Drying sugar is done to remove the humidity retained by the crystals following centrifugation, to allow for it to be processed, transported and stocked for future use. Humidity directly affects the product’s life cycle. Humidity retained in the sugar crystals is characterized by three different mechanisms:
 

• External humidity: this is the water present in the concentrated syrup layer, which is distributed over the crystals’ entire surface. This layer is always present as a supersaturated condition. It will depend on crystal size, purity of the mother liquor, the crystallization mechanism, and on how carefully it is performed, and also on how crystallization takes place.

It is also a direct function of washing the sugar in the centrifuges. Depending on the washing process, it will show values varying from 1.0% to 0.3%. It is important the washing be done in a correct manner and within an extremely critical time period, otherwise the sugar will dissolve to a great extent with little purge efficiency. If the water evaporates and is removed quickly, this will result in serious problems for the sugar’s quality, because a crystallized superficial layer of sugar will form.
 

• Internal humidity: this is the water inside the crystals. It takes more time to bring it to the crystals’ surface, by means of a diffusion-like process. Normally, this time is not available in the dryers. Thus, a fraction of the water can be removed later under certain conditions. It is this fraction of water that causes major problems in forming agglomerates, lumps and for the subsequent dissolution of sugar during storage.

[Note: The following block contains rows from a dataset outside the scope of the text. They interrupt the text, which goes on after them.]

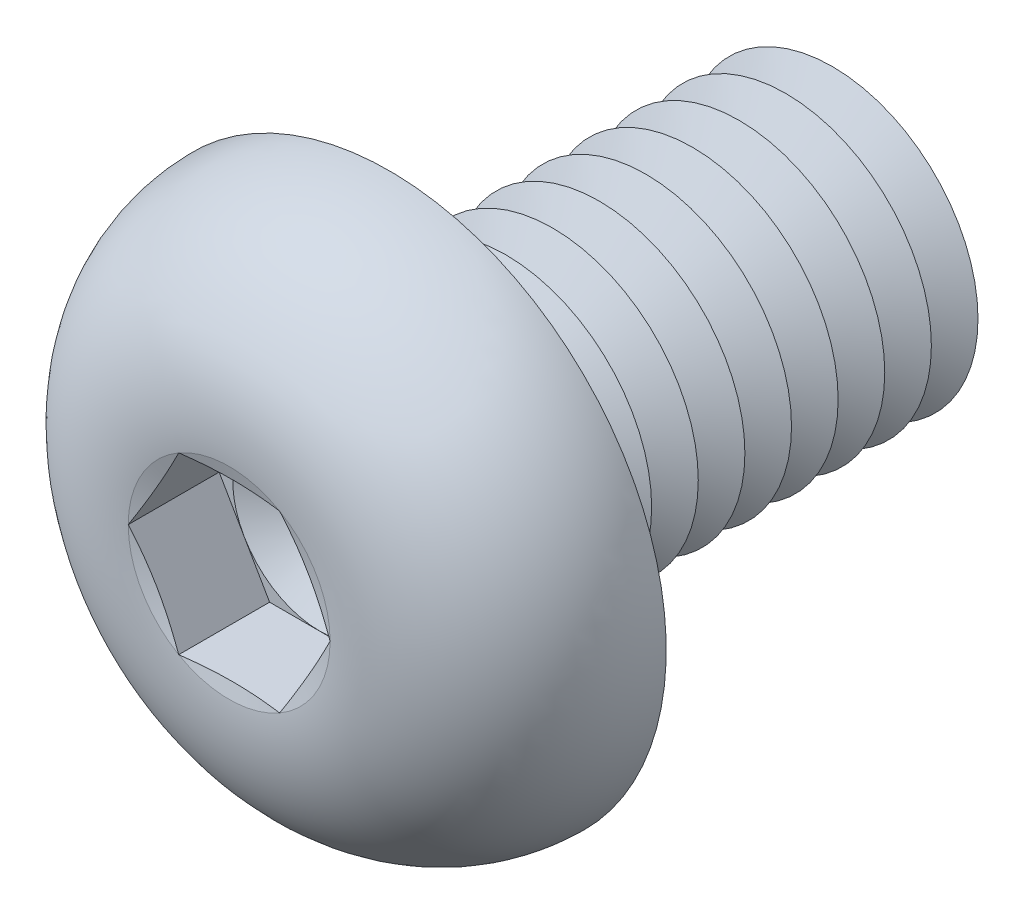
ISO-10303-21;
HEADER;
FILE_DESCRIPTION(('STEP AP214'),'2;1');
FILE_NAME('part.step','',(''),(''),'','','');
FILE_SCHEMA(('AUTOMOTIVE_DESIGN { 1 0 10303 214 1 1 1 1 }'));
ENDSEC;
DATA;
#1=APPLICATION_CONTEXT('core data for automotive mechanical design processes');
#2=APPLICATION_PROTOCOL_DEFINITION('international standard','automotive_design',2000,#1);
#3=PRODUCT_CONTEXT('',#1,'mechanical');
#4=PRODUCT('Part','Part','',(#3));
#5=PRODUCT_RELATED_PRODUCT_CATEGORY('part','',(#4));
#6=PRODUCT_DEFINITION_FORMATION('','',#4);
#7=PRODUCT_DEFINITION_CONTEXT('part definition',#1,'design');
#8=PRODUCT_DEFINITION('design','',#6,#7);
#9=PRODUCT_DEFINITION_SHAPE('','',#8);
#10=(LENGTH_UNIT() NAMED_UNIT(*) SI_UNIT(.MILLI.,.METRE.));
#11=(NAMED_UNIT(*) PLANE_ANGLE_UNIT() SI_UNIT($,.RADIAN.));
#12=(NAMED_UNIT(*) SI_UNIT($,.STERADIAN.) SOLID_ANGLE_UNIT());
#13=UNCERTAINTY_MEASURE_WITH_UNIT(LENGTH_MEASURE(1.E-05),#10,'distance_accuracy_value','');
#14=(GEOMETRIC_REPRESENTATION_CONTEXT(3) GLOBAL_UNCERTAINTY_ASSIGNED_CONTEXT((#13)) GLOBAL_UNIT_ASSIGNED_CONTEXT((#10,
#11,#12)) REPRESENTATION_CONTEXT('',''));
#15=CARTESIAN_POINT('',(0.,0.,0.));
#16=DIRECTION('',(0.,0.,1.));
#17=DIRECTION('',(1.,0.,0.));
#18=AXIS2_PLACEMENT_3D('',#15,#16,#17);
#19=CARTESIAN_POINT('',(0.,0.,1.19));
#20=DIRECTION('',(0.,0.,1.));
#21=DIRECTION('',(1.,0.,0.));
#22=AXIS2_PLACEMENT_3D('',#19,#20,#21);
#23=PLANE('',#22);
#24=CARTESIAN_POINT('',(0.,0.,1.19));
#25=DIRECTION('',(0.,0.,1.));
#26=DIRECTION('',(1.,0.,0.));
#27=AXIS2_PLACEMENT_3D('',#24,#25,#26);
#28=CIRCLE('',#27,1.49999930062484);
#29=CARTESIAN_POINT('',(1.2990375,0.749999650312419,1.19));
#30=VERTEX_POINT('',#29);
#31=CARTESIAN_POINT('',(0.,1.49999930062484,1.19));
#32=VERTEX_POINT('',#31);
#33=EDGE_CURVE('E118',#30,#32,#28,.T.);
#34=ORIENTED_EDGE('',*,*,#33,.F.);
#35=DIRECTION('',(-0.5,0.866025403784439,0.));
#36=VECTOR('',#35,1.);
#37=CARTESIAN_POINT('',(1.73205,0.,1.19));
#38=LINE('',#37,#36);
#39=CARTESIAN_POINT('',(0.866025,1.49999930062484,1.19));
#40=VERTEX_POINT('',#39);
#41=EDGE_CURVE('E125',#30,#40,#38,.T.);
#42=ORIENTED_EDGE('',*,*,#41,.T.);
#43=DIRECTION('',(-1.,0.,0.));
#44=VECTOR('',#43,1.);
#45=CARTESIAN_POINT('',(0.866025,1.49999930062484,1.19));
#46=LINE('',#45,#44);
#47=EDGE_CURVE('E136',#40,#32,#46,.T.);
#48=ORIENTED_EDGE('',*,*,#47,.T.);
#49=EDGE_LOOP('',(#34,#42,#48));
#50=FACE_BOUND('',#49,.T.);
#51=ADVANCED_FACE('F39',(#50),#23,.T.);
#52=CARTESIAN_POINT('',(0.,0.,1.19));
#53=DIRECTION('',(0.,0.,1.));
#54=DIRECTION('',(1.,0.,0.));
#55=AXIS2_PLACEMENT_3D('',#52,#53,#54);
#56=CIRCLE('',#55,1.49999930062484);
#57=CARTESIAN_POINT('',(-1.2990375,0.749999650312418,1.19));
#58=VERTEX_POINT('',#57);
#59=EDGE_CURVE('E11',#32,#58,#56,.T.);
#60=ORIENTED_EDGE('',*,*,#59,.F.);
#61=CARTESIAN_POINT('',(-0.866025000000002,1.49999930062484,1.19));
#62=VERTEX_POINT('',#61);
#63=EDGE_CURVE('E131',#32,#62,#46,.T.);
#64=ORIENTED_EDGE('',*,*,#63,.T.);
#65=DIRECTION('',(-0.5,-0.866025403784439,0.));
#66=VECTOR('',#65,1.);
#67=CARTESIAN_POINT('',(-0.866025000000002,1.49999930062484,1.19));
#68=LINE('',#67,#66);
#69=EDGE_CURVE('E134',#62,#58,#68,.T.);
#70=ORIENTED_EDGE('',*,*,#69,.T.);
#71=EDGE_LOOP('',(#60,#64,#70));
#72=FACE_BOUND('',#71,.T.);
#73=ADVANCED_FACE('F130',(#72),#23,.T.);
#74=CARTESIAN_POINT('',(-1.2990375,-0.749999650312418,1.19));
#75=VERTEX_POINT('',#74);
#76=EDGE_CURVE('E49',#58,#75,#56,.T.);
#77=ORIENTED_EDGE('',*,*,#76,.F.);
#78=CARTESIAN_POINT('',(-1.73205,0.,1.19));
#79=VERTEX_POINT('',#78);
#80=EDGE_CURVE('E143',#58,#79,#68,.T.);
#81=ORIENTED_EDGE('',*,*,#80,.T.);
#82=DIRECTION('',(0.5,-0.866025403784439,0.));
#83=VECTOR('',#82,1.);
#84=CARTESIAN_POINT('',(-1.73205,0.,1.19));
#85=LINE('',#84,#83);
#86=EDGE_CURVE('E152',#79,#75,#85,.T.);
#87=ORIENTED_EDGE('',*,*,#86,.T.);
#88=EDGE_LOOP('',(#77,#81,#87));
#89=FACE_BOUND('',#88,.T.);
#90=ADVANCED_FACE('F347',(#89),#23,.T.);
#91=CARTESIAN_POINT('',(0.,-1.49999930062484,1.19));
#92=VERTEX_POINT('',#91);
#93=EDGE_CURVE('E331',#75,#92,#56,.T.);
#94=ORIENTED_EDGE('',*,*,#93,.F.);
#95=CARTESIAN_POINT('',(-0.866025,-1.49999930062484,1.19));
#96=VERTEX_POINT('',#95);
#97=EDGE_CURVE('E151',#75,#96,#85,.T.);
#98=ORIENTED_EDGE('',*,*,#97,.T.);
#99=DIRECTION('',(1.,0.,0.));
#100=VECTOR('',#99,1.);
#101=CARTESIAN_POINT('',(-0.866025,-1.49999930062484,1.19));
#102=LINE('',#101,#100);
#103=EDGE_CURVE('E157',#96,#92,#102,.T.);
#104=ORIENTED_EDGE('',*,*,#103,.T.);
#105=EDGE_LOOP('',(#94,#98,#104));
#106=FACE_BOUND('',#105,.T.);
#107=ADVANCED_FACE('F340',(#106),#23,.T.);
#108=CARTESIAN_POINT('',(1.2990375,-0.749999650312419,1.19));
#109=VERTEX_POINT('',#108);
#110=EDGE_CURVE('E56',#92,#109,#56,.T.);
#111=ORIENTED_EDGE('',*,*,#110,.F.);
#112=CARTESIAN_POINT('',(0.866025,-1.49999930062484,1.19));
#113=VERTEX_POINT('',#112);
#114=EDGE_CURVE('E156',#92,#113,#102,.T.);
#115=ORIENTED_EDGE('',*,*,#114,.T.);
#116=DIRECTION('',(0.5,0.866025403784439,0.));
#117=VECTOR('',#116,1.);
#118=CARTESIAN_POINT('',(0.866025,-1.49999930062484,1.19));
#119=LINE('',#118,#117);
#120=EDGE_CURVE('E162',#113,#109,#119,.T.);
#121=ORIENTED_EDGE('',*,*,#120,.T.);
#122=EDGE_LOOP('',(#111,#115,#121));
#123=FACE_BOUND('',#122,.T.);
#124=ADVANCED_FACE('F430',(#123),#23,.T.);
#125=CARTESIAN_POINT('',(0.,0.,2.75));
#126=DIRECTION('',(0.,0.,1.));
#127=DIRECTION('',(1.,0.,0.));
#128=AXIS2_PLACEMENT_3D('',#125,#126,#127);
#129=CONICAL_SURFACE('',#128,1.73205,1.30899693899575);
#130=CARTESIAN_POINT('',(1.73216547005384,-0.000200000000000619,2.75003094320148));
#131=CARTESIAN_POINT('',(1.69619207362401,0.0621077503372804,2.74038633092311));
#132=CARTESIAN_POINT('',(1.66015343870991,0.124528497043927,2.73163050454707));
#133=CARTESIAN_POINT('',(1.58794885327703,0.249590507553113,2.71624720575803));
#134=CARTESIAN_POINT('',(1.5517828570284,0.312231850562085,2.70962059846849));
#135=CARTESIAN_POINT('',(1.47954289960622,0.437355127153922,2.69888271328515));
#136=CARTESIAN_POINT('',(1.4434694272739,0.499836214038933,2.69475862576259));
#137=CARTESIAN_POINT('',(1.37127646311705,0.624878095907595,2.68922863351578));
#138=CARTESIAN_POINT('',(1.33515698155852,0.687438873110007,2.68782220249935));
#139=CARTESIAN_POINT('',(1.26291801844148,0.812560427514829,2.68782220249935));
#140=CARTESIAN_POINT('',(1.22679853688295,0.87512120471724,2.68922863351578));
#141=CARTESIAN_POINT('',(1.1546055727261,1.0001630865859,2.69475862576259));
#142=CARTESIAN_POINT('',(1.11853210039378,1.06264417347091,2.69888271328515));
#143=CARTESIAN_POINT('',(1.0462921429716,1.18776745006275,2.70962059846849));
#144=CARTESIAN_POINT('',(1.01012614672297,1.25040879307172,2.71624720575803));
#145=CARTESIAN_POINT('',(0.937921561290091,1.37547080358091,2.73163050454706));
#146=CARTESIAN_POINT('',(0.901882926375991,1.43789155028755,2.74038633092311));
#147=CARTESIAN_POINT('',(0.865909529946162,1.50019930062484,2.75003094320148));
#148=B_SPLINE_CURVE_WITH_KNOTS('',3,(#130,#131,#132,#133,#134,#135,#136,#137,#138,#139,#140,
#141,#142,#143,#144,#145,#146,#147),.UNSPECIFIED.,.F.,.F.,(4,2,2,2,2,2,2,2,4),(0.,
0.217782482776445,0.435653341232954,0.652399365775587,0.869103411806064,1.08580745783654,
1.30255348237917,1.52042434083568,1.73820682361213),.UNSPECIFIED.);
#149=CARTESIAN_POINT('',(1.73205,0.,2.75));
#150=VERTEX_POINT('',#149);
#151=CARTESIAN_POINT('',(0.866025,1.49999930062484,2.75));
#152=VERTEX_POINT('',#151);
#153=EDGE_CURVE('E221',#150,#152,#148,.T.);
#154=ORIENTED_EDGE('',*,*,#153,.F.);
#155=CARTESIAN_POINT('',(0.,0.,2.75));
#156=DIRECTION('',(0.,0.,-1.));
#157=DIRECTION('',(-1.,0.,0.));
#158=AXIS2_PLACEMENT_3D('',#155,#156,#157);
#159=CIRCLE('',#158,1.73205);
#160=EDGE_CURVE('E378',#152,#150,#159,.T.);
#161=ORIENTED_EDGE('',*,*,#160,.F.);
#162=EDGE_LOOP('',(#154,#161));
#163=FACE_BOUND('',#162,.T.);
#164=ADVANCED_FACE('F396',(#163),#129,.F.);
#165=CARTESIAN_POINT('',(0.865909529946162,-1.50019930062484,2.75003094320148));
#166=CARTESIAN_POINT('',(0.901882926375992,-1.43789155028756,2.74038633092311));
#167=CARTESIAN_POINT('',(0.937921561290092,-1.37547080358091,2.73163050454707));
#168=CARTESIAN_POINT('',(1.01012614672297,-1.25040879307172,2.71624720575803));
#169=CARTESIAN_POINT('',(1.0462921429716,-1.18776745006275,2.70962059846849));
#170=CARTESIAN_POINT('',(1.11853210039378,-1.06264417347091,2.69888271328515));
#171=CARTESIAN_POINT('',(1.1546055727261,-1.0001630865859,2.69475862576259));
#172=CARTESIAN_POINT('',(1.22679853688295,-0.875121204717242,2.68922863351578));
#173=CARTESIAN_POINT('',(1.26291801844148,-0.81256042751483,2.68782220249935));
#174=CARTESIAN_POINT('',(1.33515698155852,-0.687438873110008,2.68782220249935));
#175=CARTESIAN_POINT('',(1.37127646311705,-0.624878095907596,2.68922863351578));
#176=CARTESIAN_POINT('',(1.4434694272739,-0.499836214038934,2.69475862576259));
#177=CARTESIAN_POINT('',(1.47954289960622,-0.437355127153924,2.69888271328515));
#178=CARTESIAN_POINT('',(1.5517828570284,-0.312231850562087,2.70962059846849));
#179=CARTESIAN_POINT('',(1.58794885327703,-0.249590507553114,2.71624720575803));
#180=CARTESIAN_POINT('',(1.66015343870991,-0.124528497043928,2.73163050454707));
#181=CARTESIAN_POINT('',(1.69619207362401,-0.0621077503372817,2.74038633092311));
#182=CARTESIAN_POINT('',(1.73216547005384,0.000199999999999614,2.75003094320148));
#183=B_SPLINE_CURVE_WITH_KNOTS('',3,(#165,#166,#167,#168,#169,#170,#171,#172,#173,#174,#175,
#176,#177,#178,#179,#180,#181,#182),.UNSPECIFIED.,.F.,.F.,(4,2,2,2,2,2,2,2,4),(0.,
0.217782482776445,0.435653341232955,0.652399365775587,0.869103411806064,1.08580745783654,
1.30255348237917,1.52042434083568,1.73820682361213),.UNSPECIFIED.);
#184=CARTESIAN_POINT('',(0.866025,-1.49999930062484,2.75));
#185=VERTEX_POINT('',#184);
#186=EDGE_CURVE('E230',#185,#150,#183,.T.);
#187=ORIENTED_EDGE('',*,*,#186,.F.);
#188=EDGE_CURVE('E380',#150,#185,#159,.T.);
#189=ORIENTED_EDGE('',*,*,#188,.F.);
#190=EDGE_LOOP('',(#187,#189));
#191=FACE_BOUND('',#190,.T.);
#192=ADVANCED_FACE('F398',(#191),#129,.F.);
#193=CARTESIAN_POINT('',(-2.61375031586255,-1.49999930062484,3.09338600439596));
#194=CARTESIAN_POINT('',(-2.48719895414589,-1.49999930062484,3.06401688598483));
#195=CARTESIAN_POINT('',(-2.36054180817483,-1.49999930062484,3.03507426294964));
#196=CARTESIAN_POINT('',(-2.10688190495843,-1.49999930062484,2.97862489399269));
#197=CARTESIAN_POINT('',(-1.97987908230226,-1.49999930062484,2.95111844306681));
#198=CARTESIAN_POINT('',(-1.72425281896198,-1.49999930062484,2.89788845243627));
#199=CARTESIAN_POINT('',(-1.59562534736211,-1.49999930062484,2.87218404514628));
#200=CARTESIAN_POINT('',(-1.33776732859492,-1.49999930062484,2.82387586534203));
#201=CARTESIAN_POINT('',(-1.20853672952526,-1.49999930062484,2.80127236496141));
#202=CARTESIAN_POINT('',(-0.952831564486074,-1.49999930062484,2.76126658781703));
#203=CARTESIAN_POINT('',(-0.826376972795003,-1.49999930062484,2.74374018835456));
#204=CARTESIAN_POINT('',(-0.572755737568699,-1.49999930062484,2.71502809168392));
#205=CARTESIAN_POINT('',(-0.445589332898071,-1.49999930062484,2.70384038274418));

It is also more often retained when one operates with high temperature hot air or reduced air flow. Unfortunately, these two conditions are quite common in most drying plants, mainly due to the increase in crushing and sugar production, without the corresponding increase in dryer capacity. Thus, the air temperature increases and one operates with the same ventilators and dryer, greatly reducing retention time and the relation air volume/sugar.
 

• Crystallization water: water associated with the saccharose molecule. It is part of the structure that cannot be removed. It does not affect sugar quality. Final humidity control after drying is usually done by analyzing the humidity in the oven. This analysis is incomplete and error-prone because it only measures free water, not showing the internal water.

Adequate operational conditions: one of the most critical factors in measuring is the size and variation in quality of the crystals. Large, uniform crystals, with a low variation coefficient and reduced content of inclusions greatly improve drying efficiency. Fine, irregular crystals, with many inclusions, conglomerates and excessive dust will result in poor dryer performance and an inadequate outcome.

The second phase consists of adequately controlling centrifugation. The volume of water, its correct distribution through sprayers. so as to uniformly spread it over the basket surface, the right temperature and the proper minimum time needed should remove the syrup layer to the greatest extent, without too much of the sugar dissolving.

To use two washing periods is normal. The first washing intends to dilute the mother liquor and assure its efficient removal without dissolving the sugar. The second washing should be done with the centrifuge still accelerating, so as to achieve the complete removal of the produced syrup.

This washing, when done too late, tends to produce sugar with high humidity and the formation of agglomerates. The use of vapor to optimize the drying and increase the dryer capacity is recommended, but at a low temperature. An interesting application is to vary the vapor volume between the two washings.

Control of thermodynamic air conditions is essential for the operation and assessment of the dryer. To that end, the unit should have the measures as variables detailed in the table. Observe that we did not show the hot air temperature, but rather the relative humidity.

What removes water from humid sugar is the hot air’s capacity to absorb water, and this depends on the difference of the relative humidity of hot air upon entry to and exit from the dryer, requiring the installation of hot air humidity sensors, both at the entrance and at the exit point. Types of dryers: normally, one operates with conventional dryers.

• in cascade with the direct passage of air;

• in cascade with the removal of air in the intermediary area;

• Buttner trays: dryer suited for low granulometry sugar;

• roto-Louvre: fluid bed type, with the passage of all the air through the sugar layer. This works for drying and cooling, allows regulating the layer height, adjusting retention time, and controlling air flow. It also allows removing the fine material without carrying over the crystals, which allows to later perform a conditioning operation; and,

• fluid-bed: static dryer, with real operation  as fluidized bed. Excellent for high quality sugar.

A current example are the two refineries we installed on Maurice Islands, from where the entire refined product output is exported to Germany, where it is packed directly, with no further treatment. The installation guarantees that final humidity is below between 0.04 and 0.05% (Karl Fisher). These values are less than the 0.02% achieved when treated in an oven.